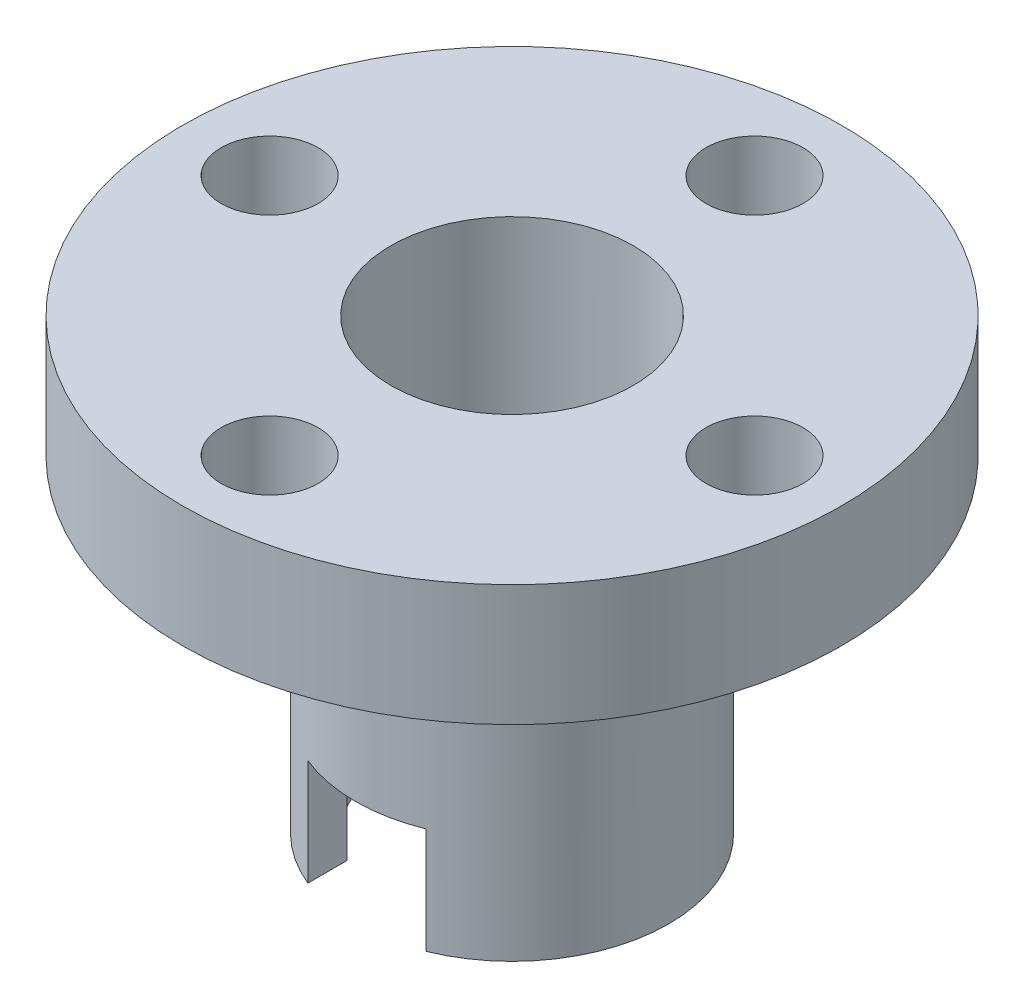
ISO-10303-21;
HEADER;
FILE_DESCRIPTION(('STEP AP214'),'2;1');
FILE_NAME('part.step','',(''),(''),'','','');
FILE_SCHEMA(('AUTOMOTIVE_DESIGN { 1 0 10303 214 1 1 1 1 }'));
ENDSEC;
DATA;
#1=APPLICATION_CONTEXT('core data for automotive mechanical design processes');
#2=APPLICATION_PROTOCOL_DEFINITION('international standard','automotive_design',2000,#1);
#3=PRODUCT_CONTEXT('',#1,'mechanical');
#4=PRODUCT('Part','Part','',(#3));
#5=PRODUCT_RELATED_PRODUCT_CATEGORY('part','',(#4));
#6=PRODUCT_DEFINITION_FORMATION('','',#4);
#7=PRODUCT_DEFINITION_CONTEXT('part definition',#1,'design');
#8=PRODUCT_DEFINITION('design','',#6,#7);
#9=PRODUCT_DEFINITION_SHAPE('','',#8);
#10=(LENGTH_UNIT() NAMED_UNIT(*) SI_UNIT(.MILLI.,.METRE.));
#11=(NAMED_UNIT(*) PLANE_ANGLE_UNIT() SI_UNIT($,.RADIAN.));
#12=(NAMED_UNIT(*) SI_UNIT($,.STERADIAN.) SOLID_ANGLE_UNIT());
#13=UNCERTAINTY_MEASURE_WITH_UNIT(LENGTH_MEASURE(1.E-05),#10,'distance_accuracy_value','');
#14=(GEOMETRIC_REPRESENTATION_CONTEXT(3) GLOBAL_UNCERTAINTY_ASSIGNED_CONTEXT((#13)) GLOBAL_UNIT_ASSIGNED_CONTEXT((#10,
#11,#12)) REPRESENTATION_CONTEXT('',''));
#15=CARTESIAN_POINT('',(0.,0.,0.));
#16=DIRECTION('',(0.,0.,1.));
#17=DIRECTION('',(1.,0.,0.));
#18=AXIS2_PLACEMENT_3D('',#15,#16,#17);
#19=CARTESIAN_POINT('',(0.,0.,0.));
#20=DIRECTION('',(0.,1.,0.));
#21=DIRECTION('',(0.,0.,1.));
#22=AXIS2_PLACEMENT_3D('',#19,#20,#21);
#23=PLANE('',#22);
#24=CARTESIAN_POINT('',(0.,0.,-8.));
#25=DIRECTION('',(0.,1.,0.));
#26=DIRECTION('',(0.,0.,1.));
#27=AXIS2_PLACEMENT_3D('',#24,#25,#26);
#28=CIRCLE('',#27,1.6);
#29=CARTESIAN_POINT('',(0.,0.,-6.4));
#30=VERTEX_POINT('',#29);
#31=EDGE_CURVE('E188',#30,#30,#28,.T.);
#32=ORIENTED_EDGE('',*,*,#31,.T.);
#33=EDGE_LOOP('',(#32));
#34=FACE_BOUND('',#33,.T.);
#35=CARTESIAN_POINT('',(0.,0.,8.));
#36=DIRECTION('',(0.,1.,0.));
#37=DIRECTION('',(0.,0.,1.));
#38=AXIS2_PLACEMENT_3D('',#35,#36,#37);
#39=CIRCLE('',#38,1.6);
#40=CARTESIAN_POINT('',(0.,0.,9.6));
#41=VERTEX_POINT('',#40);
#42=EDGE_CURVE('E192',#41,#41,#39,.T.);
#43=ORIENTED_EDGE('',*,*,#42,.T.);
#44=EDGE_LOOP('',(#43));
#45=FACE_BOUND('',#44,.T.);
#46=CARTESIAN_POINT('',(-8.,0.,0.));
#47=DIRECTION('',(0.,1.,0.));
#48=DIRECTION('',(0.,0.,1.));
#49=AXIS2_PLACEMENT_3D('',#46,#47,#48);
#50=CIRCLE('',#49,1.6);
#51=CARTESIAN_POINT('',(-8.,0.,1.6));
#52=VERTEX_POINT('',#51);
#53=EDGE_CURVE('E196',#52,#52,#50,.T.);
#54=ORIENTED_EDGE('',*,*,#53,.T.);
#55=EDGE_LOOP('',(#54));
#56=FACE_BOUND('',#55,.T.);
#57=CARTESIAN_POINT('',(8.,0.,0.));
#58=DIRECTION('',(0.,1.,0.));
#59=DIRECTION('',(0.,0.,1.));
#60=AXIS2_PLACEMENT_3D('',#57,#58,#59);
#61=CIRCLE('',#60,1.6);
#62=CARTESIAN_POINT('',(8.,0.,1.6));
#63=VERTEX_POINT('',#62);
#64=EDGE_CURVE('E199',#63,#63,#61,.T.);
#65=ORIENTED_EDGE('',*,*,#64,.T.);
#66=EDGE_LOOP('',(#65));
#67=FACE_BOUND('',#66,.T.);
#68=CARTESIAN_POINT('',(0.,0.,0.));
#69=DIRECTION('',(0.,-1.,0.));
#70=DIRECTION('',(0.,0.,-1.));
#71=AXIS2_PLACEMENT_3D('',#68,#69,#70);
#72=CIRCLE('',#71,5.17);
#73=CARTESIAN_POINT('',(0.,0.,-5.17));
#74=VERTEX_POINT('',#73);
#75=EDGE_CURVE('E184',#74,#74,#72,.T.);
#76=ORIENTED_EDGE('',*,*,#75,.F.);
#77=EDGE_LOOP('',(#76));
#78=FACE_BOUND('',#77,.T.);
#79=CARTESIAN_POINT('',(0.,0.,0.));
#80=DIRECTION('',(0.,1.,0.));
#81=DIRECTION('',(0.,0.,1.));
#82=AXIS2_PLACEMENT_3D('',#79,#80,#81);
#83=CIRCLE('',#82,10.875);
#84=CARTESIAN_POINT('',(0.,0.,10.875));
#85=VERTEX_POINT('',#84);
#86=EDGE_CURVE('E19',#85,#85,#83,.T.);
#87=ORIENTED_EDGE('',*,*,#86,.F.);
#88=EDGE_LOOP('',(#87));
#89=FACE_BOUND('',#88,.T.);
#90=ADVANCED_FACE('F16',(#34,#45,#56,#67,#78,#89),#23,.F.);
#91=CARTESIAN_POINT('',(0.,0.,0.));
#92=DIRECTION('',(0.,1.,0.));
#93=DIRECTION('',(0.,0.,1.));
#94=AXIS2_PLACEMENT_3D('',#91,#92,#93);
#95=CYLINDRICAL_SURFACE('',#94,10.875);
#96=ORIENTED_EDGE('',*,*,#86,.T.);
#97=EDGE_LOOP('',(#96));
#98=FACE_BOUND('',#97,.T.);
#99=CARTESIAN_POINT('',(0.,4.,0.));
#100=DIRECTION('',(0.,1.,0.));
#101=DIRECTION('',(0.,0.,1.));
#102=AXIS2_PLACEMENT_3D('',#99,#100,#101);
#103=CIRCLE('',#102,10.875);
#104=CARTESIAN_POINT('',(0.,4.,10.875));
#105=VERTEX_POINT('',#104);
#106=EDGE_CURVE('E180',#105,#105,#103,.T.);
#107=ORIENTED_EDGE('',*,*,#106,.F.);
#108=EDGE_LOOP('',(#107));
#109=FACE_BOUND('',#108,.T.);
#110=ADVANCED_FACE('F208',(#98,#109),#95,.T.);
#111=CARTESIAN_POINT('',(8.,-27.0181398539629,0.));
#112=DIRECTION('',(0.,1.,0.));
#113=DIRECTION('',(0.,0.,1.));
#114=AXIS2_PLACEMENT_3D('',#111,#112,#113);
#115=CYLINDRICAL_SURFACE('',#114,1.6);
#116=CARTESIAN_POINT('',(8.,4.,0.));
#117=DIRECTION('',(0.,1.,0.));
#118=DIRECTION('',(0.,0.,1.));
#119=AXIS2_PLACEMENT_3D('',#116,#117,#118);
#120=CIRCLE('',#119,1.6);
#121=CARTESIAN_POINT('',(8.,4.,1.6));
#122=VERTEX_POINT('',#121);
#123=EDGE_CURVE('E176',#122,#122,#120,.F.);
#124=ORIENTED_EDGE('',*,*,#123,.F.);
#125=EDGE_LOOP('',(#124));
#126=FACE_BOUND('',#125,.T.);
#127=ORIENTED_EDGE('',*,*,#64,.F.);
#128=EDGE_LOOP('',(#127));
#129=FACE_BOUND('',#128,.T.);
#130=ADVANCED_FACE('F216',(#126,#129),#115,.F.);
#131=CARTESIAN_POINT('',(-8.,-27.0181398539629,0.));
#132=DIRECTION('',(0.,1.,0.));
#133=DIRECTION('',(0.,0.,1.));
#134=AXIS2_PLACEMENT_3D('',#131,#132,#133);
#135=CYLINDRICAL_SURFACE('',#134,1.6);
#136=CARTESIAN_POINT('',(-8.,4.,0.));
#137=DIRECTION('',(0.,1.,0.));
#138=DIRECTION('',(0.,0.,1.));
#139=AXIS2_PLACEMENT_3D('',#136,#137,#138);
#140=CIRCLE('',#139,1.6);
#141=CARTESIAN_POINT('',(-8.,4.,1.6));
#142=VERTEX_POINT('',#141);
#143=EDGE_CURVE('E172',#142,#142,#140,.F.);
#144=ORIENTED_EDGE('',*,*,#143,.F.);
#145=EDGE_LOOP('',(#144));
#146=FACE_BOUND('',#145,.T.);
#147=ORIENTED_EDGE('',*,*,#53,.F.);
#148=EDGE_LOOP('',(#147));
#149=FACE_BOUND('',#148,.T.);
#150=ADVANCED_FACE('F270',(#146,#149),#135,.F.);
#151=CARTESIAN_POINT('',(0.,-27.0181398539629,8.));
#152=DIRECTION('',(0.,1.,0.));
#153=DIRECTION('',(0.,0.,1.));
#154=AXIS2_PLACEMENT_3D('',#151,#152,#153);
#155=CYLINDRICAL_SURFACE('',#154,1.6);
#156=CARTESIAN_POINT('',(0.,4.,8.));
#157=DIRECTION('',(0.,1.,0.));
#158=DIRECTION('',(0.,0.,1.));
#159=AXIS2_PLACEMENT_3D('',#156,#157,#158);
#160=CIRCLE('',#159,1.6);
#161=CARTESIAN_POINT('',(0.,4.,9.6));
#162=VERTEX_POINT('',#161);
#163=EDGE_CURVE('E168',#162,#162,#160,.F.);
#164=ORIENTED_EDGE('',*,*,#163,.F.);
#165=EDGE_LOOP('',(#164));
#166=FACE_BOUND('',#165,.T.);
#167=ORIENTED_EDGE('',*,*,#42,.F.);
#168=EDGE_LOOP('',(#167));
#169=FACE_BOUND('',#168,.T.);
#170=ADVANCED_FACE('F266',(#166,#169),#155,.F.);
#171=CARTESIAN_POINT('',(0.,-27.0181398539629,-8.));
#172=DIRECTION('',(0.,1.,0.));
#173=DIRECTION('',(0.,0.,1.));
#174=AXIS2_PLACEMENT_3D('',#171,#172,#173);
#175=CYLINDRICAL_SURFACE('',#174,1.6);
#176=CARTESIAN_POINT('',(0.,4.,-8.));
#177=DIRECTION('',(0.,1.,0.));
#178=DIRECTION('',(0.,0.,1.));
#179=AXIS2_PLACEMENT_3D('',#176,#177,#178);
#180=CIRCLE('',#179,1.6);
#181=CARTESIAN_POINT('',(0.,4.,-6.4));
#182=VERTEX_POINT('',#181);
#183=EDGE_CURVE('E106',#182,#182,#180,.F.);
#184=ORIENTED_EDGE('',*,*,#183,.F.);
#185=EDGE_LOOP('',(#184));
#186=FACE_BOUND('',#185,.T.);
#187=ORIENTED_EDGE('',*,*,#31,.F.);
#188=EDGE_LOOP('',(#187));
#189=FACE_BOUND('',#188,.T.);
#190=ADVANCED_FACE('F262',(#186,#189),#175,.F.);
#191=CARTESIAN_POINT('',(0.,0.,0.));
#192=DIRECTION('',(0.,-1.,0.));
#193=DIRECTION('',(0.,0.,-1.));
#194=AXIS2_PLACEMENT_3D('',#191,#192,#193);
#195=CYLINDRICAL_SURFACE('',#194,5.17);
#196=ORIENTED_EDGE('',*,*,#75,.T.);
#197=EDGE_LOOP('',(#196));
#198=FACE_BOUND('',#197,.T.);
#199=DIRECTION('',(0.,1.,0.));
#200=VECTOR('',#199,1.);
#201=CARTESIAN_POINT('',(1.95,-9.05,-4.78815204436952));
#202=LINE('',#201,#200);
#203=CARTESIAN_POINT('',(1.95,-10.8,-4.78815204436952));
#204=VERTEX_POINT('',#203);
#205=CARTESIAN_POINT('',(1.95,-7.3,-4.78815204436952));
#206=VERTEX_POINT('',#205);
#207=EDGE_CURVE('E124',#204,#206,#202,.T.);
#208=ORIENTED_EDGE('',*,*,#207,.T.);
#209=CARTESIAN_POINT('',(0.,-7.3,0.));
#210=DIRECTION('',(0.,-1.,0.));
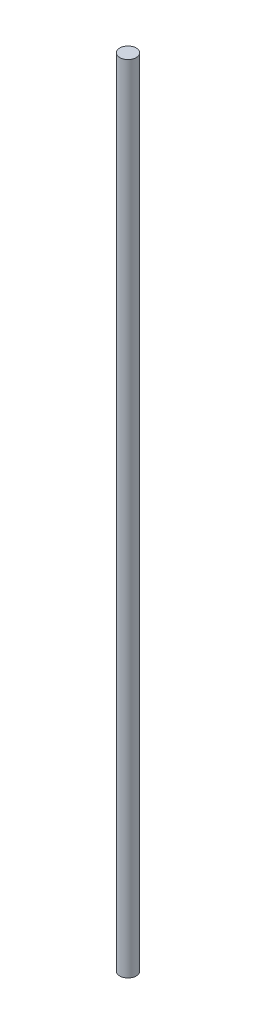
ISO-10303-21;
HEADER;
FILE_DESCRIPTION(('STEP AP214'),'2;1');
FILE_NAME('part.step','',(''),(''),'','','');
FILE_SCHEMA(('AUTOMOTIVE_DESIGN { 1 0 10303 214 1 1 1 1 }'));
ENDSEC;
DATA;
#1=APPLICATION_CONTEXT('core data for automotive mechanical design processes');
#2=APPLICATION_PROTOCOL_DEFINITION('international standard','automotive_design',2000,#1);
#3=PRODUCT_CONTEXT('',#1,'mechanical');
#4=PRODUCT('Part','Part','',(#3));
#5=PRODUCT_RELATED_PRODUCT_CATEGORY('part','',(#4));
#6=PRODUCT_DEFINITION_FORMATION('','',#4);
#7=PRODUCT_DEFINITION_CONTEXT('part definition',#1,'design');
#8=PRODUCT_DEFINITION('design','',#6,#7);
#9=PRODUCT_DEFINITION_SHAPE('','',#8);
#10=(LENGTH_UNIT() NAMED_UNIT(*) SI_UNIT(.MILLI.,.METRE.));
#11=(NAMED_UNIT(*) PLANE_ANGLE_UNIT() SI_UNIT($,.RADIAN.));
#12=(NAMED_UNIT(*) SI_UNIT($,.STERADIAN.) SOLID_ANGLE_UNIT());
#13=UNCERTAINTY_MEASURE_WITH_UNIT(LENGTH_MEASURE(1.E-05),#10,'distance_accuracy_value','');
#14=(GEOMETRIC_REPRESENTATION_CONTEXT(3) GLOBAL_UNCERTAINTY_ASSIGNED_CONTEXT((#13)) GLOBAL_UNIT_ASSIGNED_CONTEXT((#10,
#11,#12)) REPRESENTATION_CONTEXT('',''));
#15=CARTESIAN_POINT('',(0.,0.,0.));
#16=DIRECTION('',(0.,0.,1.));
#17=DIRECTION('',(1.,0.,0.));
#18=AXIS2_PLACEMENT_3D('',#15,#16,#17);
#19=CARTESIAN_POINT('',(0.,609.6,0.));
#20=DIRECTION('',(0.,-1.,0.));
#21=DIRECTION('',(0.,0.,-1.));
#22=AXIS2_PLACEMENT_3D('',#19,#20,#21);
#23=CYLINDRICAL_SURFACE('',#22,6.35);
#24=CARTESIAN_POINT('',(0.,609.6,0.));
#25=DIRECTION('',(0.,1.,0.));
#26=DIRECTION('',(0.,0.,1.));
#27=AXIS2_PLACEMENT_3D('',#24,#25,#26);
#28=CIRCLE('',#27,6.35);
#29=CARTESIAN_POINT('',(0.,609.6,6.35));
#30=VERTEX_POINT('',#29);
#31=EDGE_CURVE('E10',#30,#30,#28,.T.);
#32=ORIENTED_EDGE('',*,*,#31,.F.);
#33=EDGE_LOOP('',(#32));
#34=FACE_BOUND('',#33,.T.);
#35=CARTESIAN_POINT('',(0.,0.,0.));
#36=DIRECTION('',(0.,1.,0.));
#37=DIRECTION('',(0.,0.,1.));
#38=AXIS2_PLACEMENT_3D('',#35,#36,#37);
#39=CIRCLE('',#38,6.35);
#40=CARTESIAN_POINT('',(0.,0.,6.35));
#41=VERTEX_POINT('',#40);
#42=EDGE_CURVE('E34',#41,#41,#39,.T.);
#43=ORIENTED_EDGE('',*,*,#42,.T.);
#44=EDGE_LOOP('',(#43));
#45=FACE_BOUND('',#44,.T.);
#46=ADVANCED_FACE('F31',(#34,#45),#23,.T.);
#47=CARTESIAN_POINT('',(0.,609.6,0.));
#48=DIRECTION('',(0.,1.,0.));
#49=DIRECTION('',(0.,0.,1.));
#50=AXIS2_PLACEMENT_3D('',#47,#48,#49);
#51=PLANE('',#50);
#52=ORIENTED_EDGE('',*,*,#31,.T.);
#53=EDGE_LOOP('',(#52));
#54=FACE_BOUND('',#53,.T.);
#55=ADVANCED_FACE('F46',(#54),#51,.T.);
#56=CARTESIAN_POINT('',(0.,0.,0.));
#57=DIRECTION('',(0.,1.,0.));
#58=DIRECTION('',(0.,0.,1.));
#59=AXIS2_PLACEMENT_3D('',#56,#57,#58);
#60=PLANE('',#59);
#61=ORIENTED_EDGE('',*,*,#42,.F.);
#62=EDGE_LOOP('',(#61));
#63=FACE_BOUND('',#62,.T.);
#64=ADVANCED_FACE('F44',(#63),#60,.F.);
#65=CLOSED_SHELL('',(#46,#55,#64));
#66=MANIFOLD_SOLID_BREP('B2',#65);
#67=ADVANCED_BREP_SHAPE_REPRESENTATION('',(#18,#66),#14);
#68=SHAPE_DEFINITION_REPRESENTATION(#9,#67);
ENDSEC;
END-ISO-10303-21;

To do: Retype exactly, and only, the lines above from the one where "#139=AXIS2_PLACEMENT_3D('',#136,#137,#138);" occurs up to and including the one where "#169=FACE_BOUND('',#168,.T.);" occurs.

Response area:
#139=AXIS2_PLACEMENT_3D('',#136,#137,#138);
#140=CIRCLE('',#139,1.6);
#141=CARTESIAN_POINT('',(-8.,4.,1.6));
#142=VERTEX_POINT('',#141);
#143=EDGE_CURVE('E172',#142,#142,#140,.F.);
#144=ORIENTED_EDGE('',*,*,#143,.F.);
#145=EDGE_LOOP('',(#144));
#146=FACE_BOUND('',#145,.T.);
#147=ORIENTED_EDGE('',*,*,#53,.F.);
#148=EDGE_LOOP('',(#147));
#149=FACE_BOUND('',#148,.T.);
#150=ADVANCED_FACE('F270',(#146,#149),#135,.F.);
#151=CARTESIAN_POINT('',(0.,-27.0181398539629,8.));
#152=DIRECTION('',(0.,1.,0.));
#153=DIRECTION('',(0.,0.,1.));
#154=AXIS2_PLACEMENT_3D('',#151,#152,#153);
#155=CYLINDRICAL_SURFACE('',#154,1.6);
#156=CARTESIAN_POINT('',(0.,4.,8.));
#157=DIRECTION('',(0.,1.,0.));
#158=DIRECTION('',(0.,0.,1.));
#159=AXIS2_PLACEMENT_3D('',#156,#157,#158);
#160=CIRCLE('',#159,1.6);
#161=CARTESIAN_POINT('',(0.,4.,9.6));
#162=VERTEX_POINT('',#161);
#163=EDGE_CURVE('E168',#162,#162,#160,.F.);
#164=ORIENTED_EDGE('',*,*,#163,.F.);
#165=EDGE_LOOP('',(#164));
#166=FACE_BOUND('',#165,.T.);
#167=ORIENTED_EDGE('',*,*,#42,.F.);
#168=EDGE_LOOP('',(#167));
#169=FACE_BOUND('',#168,.T.);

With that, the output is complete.